Paris was already named, I am pretty sure the breeder named her. I HATED the name when I first heard it (it was right around the time when Paris Hilton was big in the news) and when I heard her name was Paris (before meeting Paris herself) my first comment was "oh, you'll be changing that won't you!!?"

Now? Nothing else could possibly fit her as well as the name "Paris" does!!! She *embodies* the name Paris, and I love it for her. lol.

Riki is my first dog, and at 13 years old I named her after the dog I grew up with; Kiri (ie, swapped the R & K).


----------



## Spencer (Oct 7, 2009)

Tate was first named Pierre/Perry as a nickname. This was because we found him and didn't have a name for him. He was going to live with my Granny and she already has a dog named Candy, and a cat named Boy. My 2 year old second cousin named the cat, and I didn't want him getting a terrible name from a small child like... I don't even know... Dog. Boy 2.0. NewDog. SmallDog. So we named him that. I didn't like it once we decided to keep him, but kept him named that for awhile until I could convince A to let me change his name. We picked Tate because it means "cheerful"... I thought it was perfect because he IS a wonderfully cheerful little dude, and people have commented how smiley he is.  It fits him much better, and we have YET to meet another Tate. But more often than not we call him Poodle, Pood, Tot, or Spud (which came from Tater Tot). He responds REALLY well to Poodle/Pood because we called him that for a month and a half while trying to figure out his new name!

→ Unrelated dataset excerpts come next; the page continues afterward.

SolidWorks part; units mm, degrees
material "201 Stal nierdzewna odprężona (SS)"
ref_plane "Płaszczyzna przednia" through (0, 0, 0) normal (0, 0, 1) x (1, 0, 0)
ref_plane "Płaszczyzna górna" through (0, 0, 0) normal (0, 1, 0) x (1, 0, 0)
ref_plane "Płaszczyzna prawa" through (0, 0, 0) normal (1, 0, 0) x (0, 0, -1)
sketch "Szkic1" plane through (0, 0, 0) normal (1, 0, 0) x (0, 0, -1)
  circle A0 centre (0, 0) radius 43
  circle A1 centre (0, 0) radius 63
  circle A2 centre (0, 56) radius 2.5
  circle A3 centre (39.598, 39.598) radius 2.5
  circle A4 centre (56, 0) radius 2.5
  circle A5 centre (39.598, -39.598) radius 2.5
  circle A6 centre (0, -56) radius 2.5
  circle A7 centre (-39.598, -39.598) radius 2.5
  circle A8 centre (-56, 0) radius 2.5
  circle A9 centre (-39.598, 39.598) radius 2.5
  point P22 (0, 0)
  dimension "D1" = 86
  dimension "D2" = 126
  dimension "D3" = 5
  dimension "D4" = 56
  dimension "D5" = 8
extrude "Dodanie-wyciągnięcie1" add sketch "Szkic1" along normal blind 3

TQ (isn't her real name, but she IS THE QUEEN!) is actually named after a character Natalie Wood played in one of her movies. I loooove old movies. It was either her current name, Avery, or Schatze (after Lauren Bacall's character Schatze Page in How to Marry a Millionaire.) I like the name Avery for a human kid, so it was nixed... and it only took a few days to decide on her final name. No other name fits my queenie bear!


----------



## penny_ann (May 29, 2010)

Penny's full name is Penelope Ann. I've always loved the name Penelope and had to name something that and as I have no children. Ann is after my beloved Chihuahua, Annie. Added bonus was that she was red and I called her Penny.


----------



## Feralpudel (Jun 28, 2010)

Spencer said:


> TQ (isn't her real name, but she IS THE QUEEN!) is actually named after a character Natalie Wood played in one of her movies. I loooove old movies.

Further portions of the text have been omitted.